# what is an Irish sport horse exactly??



## Mel1 (14 February 2009)

hi
this may be a stupid question but my horse is a registered irish sport horse, but is that a breed? or the fact she was born in Ireland? on her passeport, her origins are a mixture of TB and Irish so I don't quite understand what does it mean exactly, if I breed from her, is the foal gonna be irish sport horse too?


----------



## Colleen_Miss_Tom (14 February 2009)

Basically an ISH any breed that has been registered with the irish horse board . 

For me personally an Irish sport horse as in breeding , is half TB and Half ID . 

Col


----------



## Divasmum (15 February 2009)

The one we had was ID with some Thoroughbred.  Lovely horse.


----------



## madhector (15 February 2009)

Mine is a ISH, he is mostly TB though, the other 1/8th is ID


----------



## SillyMare (15 February 2009)

I have two - one IDxTB, one 15/16ths TB (and we don't know what the other bit is).

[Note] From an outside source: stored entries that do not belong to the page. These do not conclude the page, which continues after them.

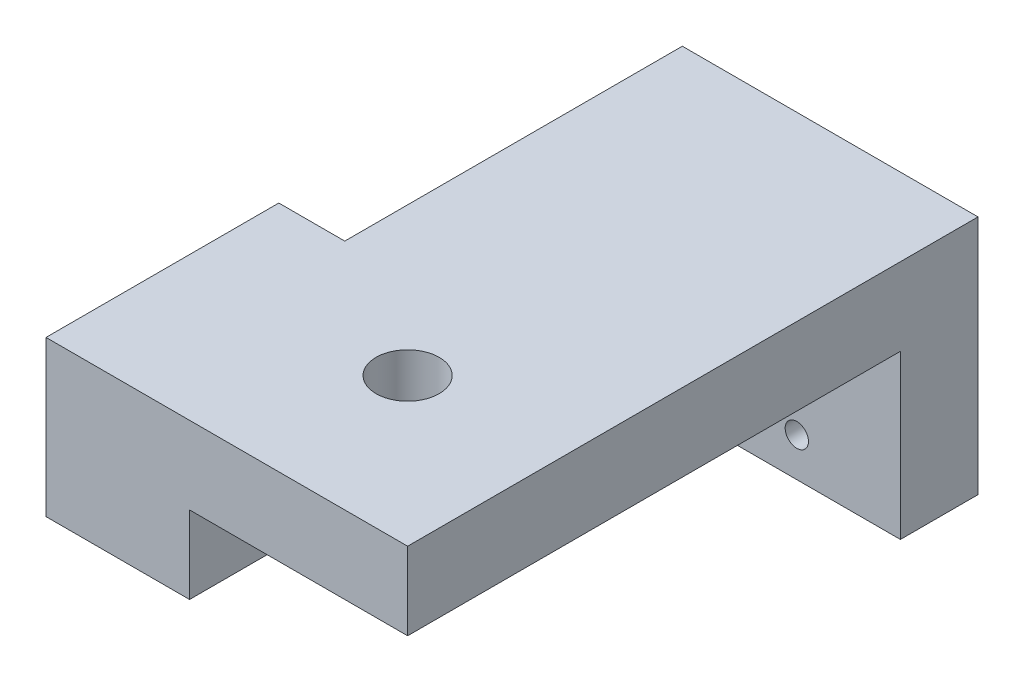
ISO-10303-21;
HEADER;
FILE_DESCRIPTION(('STEP AP214'),'2;1');
FILE_NAME('part.step','',(''),(''),'','','');
FILE_SCHEMA(('AUTOMOTIVE_DESIGN { 1 0 10303 214 1 1 1 1 }'));
ENDSEC;
DATA;
#1=APPLICATION_CONTEXT('core data for automotive mechanical design processes');
#2=APPLICATION_PROTOCOL_DEFINITION('international standard','automotive_design',2000,#1);
#3=PRODUCT_CONTEXT('',#1,'mechanical');
#4=PRODUCT('Part','Part','',(#3));
#5=PRODUCT_RELATED_PRODUCT_CATEGORY('part','',(#4));
#6=PRODUCT_DEFINITION_FORMATION('','',#4);
#7=PRODUCT_DEFINITION_CONTEXT('part definition',#1,'design');
#8=PRODUCT_DEFINITION('design','',#6,#7);
#9=PRODUCT_DEFINITION_SHAPE('','',#8);
#10=(LENGTH_UNIT() NAMED_UNIT(*) SI_UNIT(.MILLI.,.METRE.));
#11=(NAMED_UNIT(*) PLANE_ANGLE_UNIT() SI_UNIT($,.RADIAN.));
#12=(NAMED_UNIT(*) SI_UNIT($,.STERADIAN.) SOLID_ANGLE_UNIT());
#13=UNCERTAINTY_MEASURE_WITH_UNIT(LENGTH_MEASURE(1.E-05),#10,'distance_accuracy_value','');
#14=(GEOMETRIC_REPRESENTATION_CONTEXT(3) GLOBAL_UNCERTAINTY_ASSIGNED_CONTEXT((#13)) GLOBAL_UNIT_ASSIGNED_CONTEXT((#10,
#11,#12)) REPRESENTATION_CONTEXT('',''));
#15=CARTESIAN_POINT('',(0.,0.,0.));
#16=DIRECTION('',(0.,0.,1.));
#17=DIRECTION('',(1.,0.,0.));
#18=AXIS2_PLACEMENT_3D('',#15,#16,#17);
#19=CARTESIAN_POINT('',(0.,10.,0.));
#20=DIRECTION('',(0.,1.,0.));
#21=DIRECTION('',(0.,0.,1.));
#22=AXIS2_PLACEMENT_3D('',#19,#20,#21);
#23=PLANE('',#22);
#24=DIRECTION('',(0.,0.,1.));
#25=VECTOR('',#24,1.);
#26=CARTESIAN_POINT('',(0.,10.,0.));
#27=LINE('',#26,#25);
#28=CARTESIAN_POINT('',(0.,10.,-10.));
#29=VERTEX_POINT('',#28);
#30=CARTESIAN_POINT('',(0.,10.,33.5));
#31=VERTEX_POINT('',#30);
#32=EDGE_CURVE('E259',#29,#31,#27,.T.);
#33=ORIENTED_EDGE('',*,*,#32,.T.);
#34=DIRECTION('',(1.,0.,0.));
#35=VECTOR('',#34,1.);
#36=CARTESIAN_POINT('',(-8.5,10.,33.5));
#37=LINE('',#36,#35);
#38=CARTESIAN_POINT('',(-8.5,10.,33.5));
#39=VERTEX_POINT('',#38);
#40=EDGE_CURVE('E73',#39,#31,#37,.T.);
#41=ORIENTED_EDGE('',*,*,#40,.F.);
#42=DIRECTION('',(0.,0.,1.));
#43=VECTOR('',#42,1.);
#44=CARTESIAN_POINT('',(-8.5,10.,63.5));
#45=LINE('',#44,#43);
#46=CARTESIAN_POINT('',(-8.5,10.,63.5));
#47=VERTEX_POINT('',#46);
#48=EDGE_CURVE('E240',#39,#47,#45,.T.);
#49=ORIENTED_EDGE('',*,*,#48,.T.);
#50=DIRECTION('',(1.,0.,0.));
#51=VECTOR('',#50,1.);
#52=CARTESIAN_POINT('',(0.,10.,63.5));
#53=LINE('',#52,#51);
#54=CARTESIAN_POINT('',(38.1,10.,63.5));
#55=VERTEX_POINT('',#54);
#56=EDGE_CURVE('E51',#47,#55,#53,.T.);
#57=ORIENTED_EDGE('',*,*,#56,.T.);
#58=DIRECTION('',(0.,0.,-1.));
#59=VECTOR('',#58,1.);
#60=CARTESIAN_POINT('',(38.1,10.,0.));
#61=LINE('',#60,#59);
#62=CARTESIAN_POINT('',(38.1,10.,-10.));
#63=VERTEX_POINT('',#62);
#64=EDGE_CURVE('E264',#55,#63,#61,.T.);
#65=ORIENTED_EDGE('',*,*,#64,.T.);
#66=DIRECTION('',(1.,0.,0.));
#67=VECTOR('',#66,1.);
#68=CARTESIAN_POINT('',(0.,10.,-10.));
#69=LINE('',#68,#67);
#70=EDGE_CURVE('E177',#29,#63,#69,.T.);
#71=ORIENTED_EDGE('',*,*,#70,.F.);
#72=EDGE_LOOP('',(#33,#41,#49,#57,#65,#71));
#73=FACE_BOUND('',#72,.T.);
#74=CARTESIAN_POINT('',(19.05,10.,44.45));
#75=DIRECTION('',(0.,1.,0.));
#76=DIRECTION('',(0.,0.,1.));
#77=AXIS2_PLACEMENT_3D('',#74,#75,#76);
#78=CIRCLE('',#77,4.064);
#79=CARTESIAN_POINT('',(19.05,10.,48.514));
#80=VERTEX_POINT('',#79);
#81=EDGE_CURVE('E253',#80,#80,#78,.T.);
#82=ORIENTED_EDGE('',*,*,#81,.F.);
#83=EDGE_LOOP('',(#82));
#84=FACE_BOUND('',#83,.T.);
#85=ADVANCED_FACE('F35',(#73,#84),#23,.T.);
#86=CARTESIAN_POINT('',(0.,0.,0.));
#87=DIRECTION('',(0.,1.,0.));
#88=DIRECTION('',(0.,0.,1.));
#89=AXIS2_PLACEMENT_3D('',#86,#87,#88);
#90=PLANE('',#89);
#91=DIRECTION('',(0.,0.,1.));
#92=VECTOR('',#91,1.);
#93=CARTESIAN_POINT('',(10.,0.,0.));
#94=LINE('',#93,#92);
#95=CARTESIAN_POINT('',(10.,0.,33.5));
#96=VERTEX_POINT('',#95);
#97=CARTESIAN_POINT('',(10.,0.,63.5));
#98=VERTEX_POINT('',#97);
#99=EDGE_CURVE('E244',#96,#98,#94,.T.);
#100=ORIENTED_EDGE('',*,*,#99,.F.);
#101=DIRECTION('',(-1.,0.,0.));
#102=VECTOR('',#101,1.);
#103=CARTESIAN_POINT('',(0.,0.,33.5));
#104=LINE('',#103,#102);
#105=CARTESIAN_POINT('',(0.,0.,33.5));
#106=VERTEX_POINT('',#105);
#107=EDGE_CURVE('E250',#96,#106,#104,.T.);
#108=ORIENTED_EDGE('',*,*,#107,.T.);
#109=DIRECTION('',(0.,0.,1.));
#110=VECTOR('',#109,1.);
#111=CARTESIAN_POINT('',(0.,0.,0.));
#112=LINE('',#111,#110);
#113=CARTESIAN_POINT('',(0.,0.,0.));
#114=VERTEX_POINT('',#113);
#115=EDGE_CURVE('E256',#114,#106,#112,.T.);
#116=ORIENTED_EDGE('',*,*,#115,.F.);
#117=DIRECTION('',(-1.,0.,0.));
#118=VECTOR('',#117,1.);
#119=CARTESIAN_POINT('',(0.,0.,0.));
#120=LINE('',#119,#118);
#121=CARTESIAN_POINT('',(38.1,0.,0.));
#122=VERTEX_POINT('',#121);
#123=EDGE_CURVE('E262',#122,#114,#120,.T.);
#124=ORIENTED_EDGE('',*,*,#123,.F.);
#125=DIRECTION('',(0.,0.,-1.));
#126=VECTOR('',#125,1.);
#127=CARTESIAN_POINT('',(38.1,0.,0.));
#128=LINE('',#127,#126);
#129=CARTESIAN_POINT('',(38.1,0.,63.5));
#130=VERTEX_POINT('',#129);
#131=EDGE_CURVE('E269',#130,#122,#128,.T.);
#132=ORIENTED_EDGE('',*,*,#131,.F.);
#133=DIRECTION('',(1.,0.,0.));
#134=VECTOR('',#133,1.);
#135=CARTESIAN_POINT('',(0.,0.,63.5));
#136=LINE('',#135,#134);
#137=EDGE_CURVE('E62',#98,#130,#136,.T.);
#138=ORIENTED_EDGE('',*,*,#137,.F.);
#139=EDGE_LOOP('',(#100,#108,#116,#124,#132,#138));
#140=FACE_BOUND('',#139,.T.);
#141=CARTESIAN_POINT('',(19.05,0.,44.45));
#142=DIRECTION('',(0.,1.,0.));
#143=DIRECTION('',(0.,0.,1.));
#144=AXIS2_PLACEMENT_3D('',#141,#142,#143);
#145=CIRCLE('',#144,4.064);
#146=CARTESIAN_POINT('',(19.05,0.,48.514));
#147=VERTEX_POINT('',#146);
#148=EDGE_CURVE('E252',#147,#147,#145,.T.);
#149=ORIENTED_EDGE('',*,*,#148,.T.);
#150=EDGE_LOOP('',(#149));
#151=FACE_BOUND('',#150,.T.);
#152=ADVANCED_FACE('F280',(#140,#151),#90,.F.);
#153=CARTESIAN_POINT('',(0.,10.,0.));
#154=DIRECTION('',(1.,0.,0.));
#155=DIRECTION('',(0.,0.,-1.));
#156=AXIS2_PLACEMENT_3D('',#153,#154,#155);
#157=PLANE('',#156);
#158=ORIENTED_EDGE('',*,*,#115,.T.);
#159=DIRECTION('',(0.,1.,0.));
#160=VECTOR('',#159,1.);
#161=CARTESIAN_POINT('',(0.,10.,33.5));
#162=LINE('',#161,#160);
#163=EDGE_CURVE('E11',#106,#31,#162,.T.);
#164=ORIENTED_EDGE('',*,*,#163,.T.);
#165=ORIENTED_EDGE('',*,*,#32,.F.);
#166=DIRECTION('',(0.,-1.,0.));
#167=VECTOR('',#166,1.);
#168=CARTESIAN_POINT('',(0.,0.,-10.));
#169=LINE('',#168,#167);
#170=CARTESIAN_POINT('',(0.,-21.,-10.));
#171=VERTEX_POINT('',#170);
#172=EDGE_CURVE('E180',#29,#171,#169,.T.);
#173=ORIENTED_EDGE('',*,*,#172,.T.);
#174=DIRECTION('',(0.,0.,1.));
#175=VECTOR('',#174,1.);
#176=CARTESIAN_POINT('',(0.,-21.,-10.));
#177=LINE('',#176,#175);
#178=CARTESIAN_POINT('',(0.,-21.,0.));
#179=VERTEX_POINT('',#178);
#180=EDGE_CURVE('E210',#171,#179,#177,.T.);
#181=ORIENTED_EDGE('',*,*,#180,.T.);
#182=DIRECTION('',(0.,-1.,0.));
#183=VECTOR('',#182,1.);
#184=CARTESIAN_POINT('',(0.,0.,0.));
#185=LINE('',#184,#183);
#186=EDGE_CURVE('E200',#114,#179,#185,.T.);
#187=ORIENTED_EDGE('',*,*,#186,.F.);
#188=EDGE_LOOP('',(#158,#164,#165,#173,#181,#187));
#189=FACE_BOUND('',#188,.T.);
#190=ADVANCED_FACE('F37',(#189),#157,.F.);
#191=CARTESIAN_POINT('',(0.,10.,63.5));
#192=DIRECTION('',(0.,0.,-1.));
#193=DIRECTION('',(-1.,0.,0.));
#194=AXIS2_PLACEMENT_3D('',#191,#192,#193);
#195=PLANE('',#194);
#196=DIRECTION('',(0.,-1.,0.));
#197=VECTOR('',#196,1.);
#198=CARTESIAN_POINT('',(10.,0.,63.5));
#199=LINE('',#198,#197);
#200=CARTESIAN_POINT('',(10.,-10.,63.5));
#201=VERTEX_POINT('',#200);
#202=EDGE_CURVE('E219',#98,#201,#199,.T.);
#203=ORIENTED_EDGE('',*,*,#202,.F.);
#204=ORIENTED_EDGE('',*,*,#137,.T.);
#205=DIRECTION('',(0.,-1.,0.));
#206=VECTOR('',#205,1.);
#207=CARTESIAN_POINT('',(38.1,10.,63.5));
#208=LINE('',#207,#206);
#209=EDGE_CURVE('E44',#55,#130,#208,.T.);
#210=ORIENTED_EDGE('',*,*,#209,.F.);
#211=ORIENTED_EDGE('',*,*,#56,.F.);
#212=DIRECTION('',(0.,-1.,0.));
#213=VECTOR('',#212,1.);
#214=CARTESIAN_POINT('',(-8.5,0.,63.5));
#215=LINE('',#214,#213);
#216=CARTESIAN_POINT('',(-8.5,-10.,63.5));
#217=VERTEX_POINT('',#216);
#218=EDGE_CURVE('E233',#47,#217,#215,.T.);
#219=ORIENTED_EDGE('',*,*,#218,.T.);
#220=DIRECTION('',(1.,0.,0.));
#221=VECTOR('',#220,1.);
#222=CARTESIAN_POINT('',(-8.5,-10.,63.5));
#223=LINE('',#222,#221);
#224=EDGE_CURVE('E242',#217,#201,#223,.T.);
#225=ORIENTED_EDGE('',*,*,#224,.T.);
#226=EDGE_LOOP('',(#203,#204,#210,#211,#219,#225));
#227=FACE_BOUND('',#226,.T.);
#228=ADVANCED_FACE('F317',(#227),#195,.F.);
#229=CARTESIAN_POINT('',(38.1,10.,0.));
#230=DIRECTION('',(-1.,0.,0.));
#231=DIRECTION('',(0.,0.,1.));
#232=AXIS2_PLACEMENT_3D('',#229,#230,#231);
#233=PLANE('',#232);
#234=ORIENTED_EDGE('',*,*,#131,.T.);
#235=DIRECTION('',(0.,-1.,0.));
#236=VECTOR('',#235,1.);
#237=CARTESIAN_POINT('',(38.1,0.,0.));
#238=LINE('',#237,#236);
#239=CARTESIAN_POINT('',(38.1,-21.,0.));
#240=VERTEX_POINT('',#239);
#241=EDGE_CURVE('E197',#122,#240,#238,.T.);
#242=ORIENTED_EDGE('',*,*,#241,.T.);
#243=DIRECTION('',(0.,0.,1.));
#244=VECTOR('',#243,1.);
#245=CARTESIAN_POINT('',(38.1,-21.,-10.));
#246=LINE('',#245,#244);
#247=CARTESIAN_POINT('',(38.1,-21.,-10.));
#248=VERTEX_POINT('',#247);
#249=EDGE_CURVE('E213',#248,#240,#246,.T.);
#250=ORIENTED_EDGE('',*,*,#249,.F.);
#251=DIRECTION('',(0.,-1.,0.));
#252=VECTOR('',#251,1.);
#253=CARTESIAN_POINT('',(38.1,0.,-10.));
#254=LINE('',#253,#252);
#255=EDGE_CURVE('E174',#63,#248,#254,.T.);
#256=ORIENTED_EDGE('',*,*,#255,.F.);
#257=ORIENTED_EDGE('',*,*,#64,.F.);
#258=ORIENTED_EDGE('',*,*,#209,.T.);
#259=EDGE_LOOP('',(#234,#242,#250,#256,#257,#258));
#260=FACE_BOUND('',#259,.T.);
#261=ADVANCED_FACE('F275',(#260),#233,.F.);
#262=CARTESIAN_POINT('',(19.05,10.,44.45));
#263=DIRECTION('',(0.,-1.,0.));
#264=DIRECTION('',(0.,0.,-1.));
#265=AXIS2_PLACEMENT_3D('',#262,#263,#264);
#266=CYLINDRICAL_SURFACE('',#265,4.064);
#267=ORIENTED_EDGE('',*,*,#81,.T.);
#268=EDGE_LOOP('',(#267));
#269=FACE_BOUND('',#268,.T.);
#270=ORIENTED_EDGE('',*,*,#148,.F.);
#271=EDGE_LOOP('',(#270));
#272=FACE_BOUND('',#271,.T.);
#273=ADVANCED_FACE('F306',(#269,#272),#266,.F.);
#274=CARTESIAN_POINT('',(-8.5,10.,33.5));
#275=DIRECTION('',(0.,0.,-1.));
#276=DIRECTION('',(-1.,0.,0.));
#277=AXIS2_PLACEMENT_3D('',#274,#275,#276);
#278=PLANE('',#277);
#279=ORIENTED_EDGE('',*,*,#107,.F.);
#280=DIRECTION('',(0.,1.,0.));
#281=VECTOR('',#280,1.);
#282=CARTESIAN_POINT('',(10.,0.,33.5));
#283=LINE('',#282,#281);
#284=CARTESIAN_POINT('',(10.,-10.,33.5));
#285=VERTEX_POINT('',#284);
#286=EDGE_CURVE('E224',#285,#96,#283,.T.);
#287=ORIENTED_EDGE('',*,*,#286,.F.);
#288=DIRECTION('',(1.,0.,0.));
#289=VECTOR('',#288,1.);
#290=CARTESIAN_POINT('',(-8.5,-10.,33.5));
#291=LINE('',#290,#289);
#292=CARTESIAN_POINT('',(-8.5,-10.,33.5));
#293=VERTEX_POINT('',#292);
#294=EDGE_CURVE('E245',#293,#285,#291,.T.);
#295=ORIENTED_EDGE('',*,*,#294,.F.);
#296=DIRECTION('',(0.,1.,0.));
#297=VECTOR('',#296,1.);
#298=CARTESIAN_POINT('',(-8.5,0.,33.5));
#299=LINE('',#298,#297);
#300=EDGE_CURVE('E238',#293,#39,#299,.T.);
#301=ORIENTED_EDGE('',*,*,#300,.T.);
#302=ORIENTED_EDGE('',*,*,#40,.T.);
#303=ORIENTED_EDGE('',*,*,#163,.F.);
#304=EDGE_LOOP('',(#279,#287,#295,#301,#302,#303));
#305=FACE_BOUND('',#304,.T.);
#306=ADVANCED_FACE('F309',(#305),#278,.T.);
#307=CARTESIAN_POINT('',(-8.5,8.,59.6));
#308=DIRECTION('',(1.,0.,0.));
#309=DIRECTION('',(0.,0.,-1.));
#310=AXIS2_PLACEMENT_3D('',#307,#308,#309);
#311=CYLINDRICAL_SURFACE('',#310,1.5);
#312=CARTESIAN_POINT('',(-8.5,8.,59.6));
#313=DIRECTION('',(1.,0.,0.));
#314=DIRECTION('',(0.,0.,-1.));
#315=AXIS2_PLACEMENT_3D('',#312,#313,#314);
#316=CIRCLE('',#315,1.5);
#317=CARTESIAN_POINT('',(-8.5,8.,58.1));
#318=VERTEX_POINT('',#317);
#319=EDGE_CURVE('E230',#318,#318,#316,.T.);
#320=ORIENTED_EDGE('',*,*,#319,.F.);
#321=EDGE_LOOP('',(#320));
#322=FACE_BOUND('',#321,.T.);
#323=CARTESIAN_POINT('',(10.,8.,59.6));
#324=DIRECTION('',(1.,0.,0.));
#325=DIRECTION('',(0.,0.,-1.));
#326=AXIS2_PLACEMENT_3D('',#323,#324,#325);
#327=CIRCLE('',#326,1.5);
#328=CARTESIAN_POINT('',(10.,8.,58.1));
#329=VERTEX_POINT('',#328);
#330=EDGE_CURVE('E188',#329,#329,#327,.T.);
#331=ORIENTED_EDGE('',*,*,#330,.T.);
#332=EDGE_LOOP('',(#331));
#333=FACE_BOUND('',#332,.T.);
#334=ADVANCED_FACE('F345',(#322,#333),#311,.F.);
#335=CARTESIAN_POINT('',(10.,0.,0.));
#336=DIRECTION('',(-1.,0.,0.));
#337=DIRECTION('',(0.,0.,1.));
#338=AXIS2_PLACEMENT_3D('',#335,#336,#337);
#339=PLANE('',#338);
#340=CARTESIAN_POINT('',(10.,-2.3,37.4));
#341=DIRECTION('',(1.,0.,0.));
#342=DIRECTION('',(0.,0.,-1.));
#343=AXIS2_PLACEMENT_3D('',#340,#341,#342);
#344=CIRCLE('',#343,1.5);
#345=CARTESIAN_POINT('',(10.,-2.3,35.9));
#346=VERTEX_POINT('',#345);
#347=EDGE_CURVE('E207',#346,#346,#344,.T.);
#348=ORIENTED_EDGE('',*,*,#347,.F.);
#349=EDGE_LOOP('',(#348));
#350=FACE_BOUND('',#349,.T.);
#351=ORIENTED_EDGE('',*,*,#286,.T.);
#352=ORIENTED_EDGE('',*,*,#99,.T.);
#353=ORIENTED_EDGE('',*,*,#202,.T.);
#354=DIRECTION('',(0.,0.,-1.));
#355=VECTOR('',#354,1.);
#356=CARTESIAN_POINT('',(10.,-10.,33.5));
#357=LINE('',#356,#355);
#358=EDGE_CURVE('E221',#201,#285,#357,.T.);
#359=ORIENTED_EDGE('',*,*,#358,.T.);
#360=EDGE_LOOP('',(#351,#352,#353,#359));
#361=FACE_BOUND('',#360,.T.);
#362=ADVANCED_FACE('F326',(#350,#361),#339,.F.);
#363=CARTESIAN_POINT('',(-8.5,-10.,33.5));
#364=DIRECTION('',(0.,-1.,0.));
#365=DIRECTION('',(0.,0.,-1.));
#366=AXIS2_PLACEMENT_3D('',#363,#364,#365);
#367=PLANE('',#366);
#368=ORIENTED_EDGE('',*,*,#294,.T.);
#369=ORIENTED_EDGE('',*,*,#358,.F.);
#370=ORIENTED_EDGE('',*,*,#224,.F.);
#371=DIRECTION('',(0.,0.,-1.));
#372=VECTOR('',#371,1.);
#373=CARTESIAN_POINT('',(-8.5,-10.,33.5));
#374=LINE('',#373,#372);
#375=EDGE_CURVE('E235',#217,#293,#374,.T.);
#376=ORIENTED_EDGE('',*,*,#375,.T.);
#377=EDGE_LOOP('',(#368,#369,#370,#376));
#378=FACE_BOUND('',#377,.T.);
#379=ADVANCED_FACE('F335',(#378),#367,.T.);
#380=CARTESIAN_POINT('',(-8.5,0.,0.));
#381=DIRECTION('',(-1.,0.,0.));
#382=DIRECTION('',(0.,0.,1.));
#383=AXIS2_PLACEMENT_3D('',#380,#381,#382);
#384=PLANE('',#383);
#385=CARTESIAN_POINT('',(-8.5,-2.3,37.4));
#386=DIRECTION('',(1.,0.,0.));
#387=DIRECTION('',(0.,0.,-1.));
#388=AXIS2_PLACEMENT_3D('',#385,#386,#387);
#389=CIRCLE('',#388,1.5);
#390=CARTESIAN_POINT('',(-8.5,-2.3,35.9));
#391=VERTEX_POINT('',#390);
#392=EDGE_CURVE('E227',#391,#391,#389,.T.);
#393=ORIENTED_EDGE('',*,*,#392,.T.);
#394=EDGE_LOOP('',(#393));
#395=FACE_BOUND('',#394,.T.);
#396=ORIENTED_EDGE('',*,*,#319,.T.);
#397=EDGE_LOOP('',(#396));
#398=FACE_BOUND('',#397,.T.);
#399=ORIENTED_EDGE('',*,*,#218,.F.);
#400=ORIENTED_EDGE('',*,*,#48,.F.);
#401=ORIENTED_EDGE('',*,*,#300,.F.);
#402=ORIENTED_EDGE('',*,*,#375,.F.);
#403=EDGE_LOOP('',(#399,#400,#401,#402));
#404=FACE_BOUND('',#403,.T.);
#405=ADVANCED_FACE('F334',(#395,#398,#404),#384,.T.);
#406=CARTESIAN_POINT('',(-8.5,-2.3,37.4));
#407=DIRECTION('',(1.,0.,0.));
#408=DIRECTION('',(0.,0.,-1.));
#409=AXIS2_PLACEMENT_3D('',#406,#407,#408);
#410=CYLINDRICAL_SURFACE('',#409,1.5);
#411=ORIENTED_EDGE('',*,*,#392,.F.);
#412=EDGE_LOOP('',(#411));
#413=FACE_BOUND('',#412,.T.);
#414=ORIENTED_EDGE('',*,*,#347,.T.);
#415=EDGE_LOOP('',(#414));
#416=FACE_BOUND('',#415,.T.);
#417=ADVANCED_FACE('F342',(#413,#416),#410,.F.);
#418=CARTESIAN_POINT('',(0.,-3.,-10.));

We bred from the IDxTB mare using an SHGB sire - she had to be graded by SHGB (the breeding record on the IDHS passport is an important part of this). Her foal now has a full SHGB passport.

Alternatively I think her foal could have had a half IDHS passport (blue one?) as he would have had one registered parent in that society (his mum).


----------



## amage (15 February 2009)

Mel1 that is the million dollar question...traditionally it was a cross between the ID and the Tb however as the current system stands any papered foal born in Ireland by and Irish Horse Board (IHB) approved stallion can be registered and ISH. therefore I can cover my Belgian Warmblood Mare with and Oldenburgh German bred stallion yet because he is approved I can register the offspring as an ISH when in fact the baby is completely foreign bred and as warmblood as can be. The way the ISH Breed has evolved there has been some calling for the introduction of a new breed...the Irish Warmblood in order to enable us to preserve the traditional ISH. The evolution of continental breeds has left the ISH way behind in some respects and has also produced a mare that does not always suit the traditional ISH to breed with hence when there are more "foreign" stallions available to cover with that can still produce "Irish" horses due to their approval people are opting for them instead of the true Irish stallions.


----------



## kerilli (15 February 2009)

It's traditionally a mixture of Irish Draught and T.B.  Check the breeds of the horses in her parentage though, because, as explained above, quite a few warmbloods have been introduced to improve movement etc.
If you breed from her in England, she'll be an ISH cross Whatever Stallion Breed You Use, I think! not an ISH.   If you put her to an Irish stallion, I think you could call the foal an ISH though...


----------



## spookypony (15 February 2009)

What's an Irish Cob, then? Random Horse From Ireland, Of Uncertain Breeding, Looks Vaguely Cobby When He's Fat?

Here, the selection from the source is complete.